=== WORK ITEM ===
Find the string "DIRECTION" in the data, then copy every line where it is found.

=== RECORDS PROVIDED ===
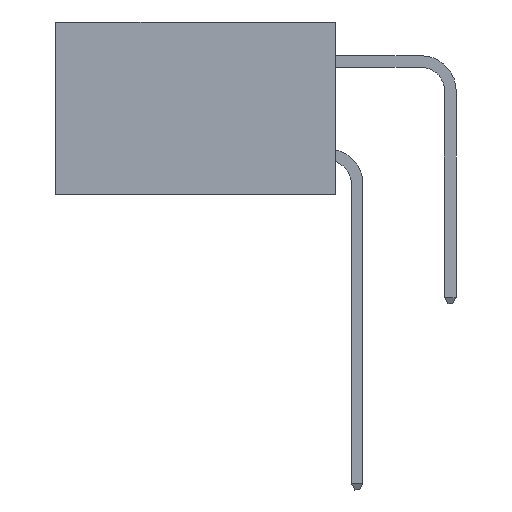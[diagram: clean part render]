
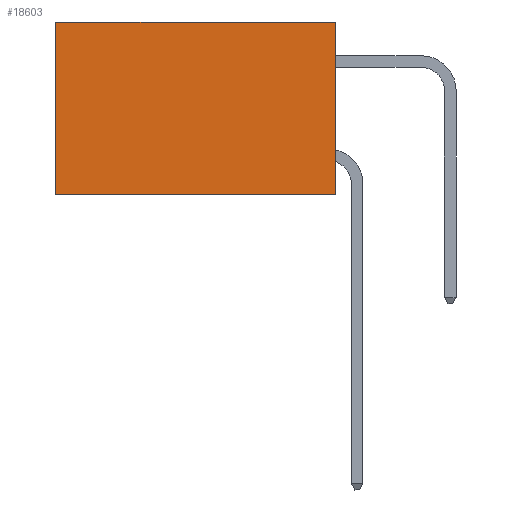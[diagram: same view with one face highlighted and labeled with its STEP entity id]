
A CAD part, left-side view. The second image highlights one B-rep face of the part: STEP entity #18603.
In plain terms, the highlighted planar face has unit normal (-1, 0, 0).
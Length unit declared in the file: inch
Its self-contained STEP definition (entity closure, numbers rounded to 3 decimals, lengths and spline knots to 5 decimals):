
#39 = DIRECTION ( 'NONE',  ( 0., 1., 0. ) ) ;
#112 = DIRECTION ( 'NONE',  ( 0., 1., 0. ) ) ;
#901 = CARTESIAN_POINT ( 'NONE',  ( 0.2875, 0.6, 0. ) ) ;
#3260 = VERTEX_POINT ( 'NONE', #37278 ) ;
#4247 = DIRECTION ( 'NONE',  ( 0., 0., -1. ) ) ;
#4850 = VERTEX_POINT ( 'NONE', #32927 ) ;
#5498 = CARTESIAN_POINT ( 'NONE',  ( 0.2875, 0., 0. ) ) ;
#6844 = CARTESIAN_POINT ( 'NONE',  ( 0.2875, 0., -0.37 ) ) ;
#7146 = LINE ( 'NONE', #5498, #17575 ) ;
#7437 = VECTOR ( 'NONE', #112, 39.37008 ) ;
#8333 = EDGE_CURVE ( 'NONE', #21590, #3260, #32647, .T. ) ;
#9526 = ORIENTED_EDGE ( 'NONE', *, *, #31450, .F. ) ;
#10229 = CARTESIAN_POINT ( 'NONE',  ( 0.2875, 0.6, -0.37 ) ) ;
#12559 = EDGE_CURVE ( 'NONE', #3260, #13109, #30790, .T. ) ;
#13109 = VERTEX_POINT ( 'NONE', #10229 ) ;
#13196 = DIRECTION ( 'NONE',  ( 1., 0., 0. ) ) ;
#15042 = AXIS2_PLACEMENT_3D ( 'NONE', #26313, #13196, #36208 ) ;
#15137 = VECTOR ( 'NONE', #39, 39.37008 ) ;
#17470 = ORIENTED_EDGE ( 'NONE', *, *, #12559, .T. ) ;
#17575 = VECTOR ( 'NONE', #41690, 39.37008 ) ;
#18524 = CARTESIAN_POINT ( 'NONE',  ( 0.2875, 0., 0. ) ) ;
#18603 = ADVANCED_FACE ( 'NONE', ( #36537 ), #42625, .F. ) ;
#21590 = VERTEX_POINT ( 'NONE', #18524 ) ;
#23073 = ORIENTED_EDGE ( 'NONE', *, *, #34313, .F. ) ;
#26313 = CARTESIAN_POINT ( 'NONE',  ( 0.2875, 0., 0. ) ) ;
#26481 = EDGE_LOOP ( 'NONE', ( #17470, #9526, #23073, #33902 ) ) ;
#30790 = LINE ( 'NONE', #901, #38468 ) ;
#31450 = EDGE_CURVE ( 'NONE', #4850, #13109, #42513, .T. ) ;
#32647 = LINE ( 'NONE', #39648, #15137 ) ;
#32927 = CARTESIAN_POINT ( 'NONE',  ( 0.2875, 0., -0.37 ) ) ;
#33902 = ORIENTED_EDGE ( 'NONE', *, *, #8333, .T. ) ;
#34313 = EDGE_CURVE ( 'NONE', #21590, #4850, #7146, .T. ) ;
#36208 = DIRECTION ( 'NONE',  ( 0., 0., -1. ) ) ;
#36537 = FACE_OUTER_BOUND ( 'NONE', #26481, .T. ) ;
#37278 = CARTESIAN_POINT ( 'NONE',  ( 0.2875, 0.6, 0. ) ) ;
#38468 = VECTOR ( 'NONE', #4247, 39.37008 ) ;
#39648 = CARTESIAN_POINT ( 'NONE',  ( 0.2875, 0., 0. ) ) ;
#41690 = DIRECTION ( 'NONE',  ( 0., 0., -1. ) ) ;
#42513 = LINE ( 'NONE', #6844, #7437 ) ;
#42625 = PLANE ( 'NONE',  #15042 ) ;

=== OUTPUT ===
#39 = DIRECTION ( 'NONE',  ( 0., 1., 0. ) ) ;
#112 = DIRECTION ( 'NONE',  ( 0., 1., 0. ) ) ;
#4247 = DIRECTION ( 'NONE',  ( 0., 0., -1. ) ) ;
#13196 = DIRECTION ( 'NONE',  ( 1., 0., 0. ) ) ;
#36208 = DIRECTION ( 'NONE',  ( 0., 0., -1. ) ) ;
#41690 = DIRECTION ( 'NONE',  ( 0., 0., -1. ) ) ;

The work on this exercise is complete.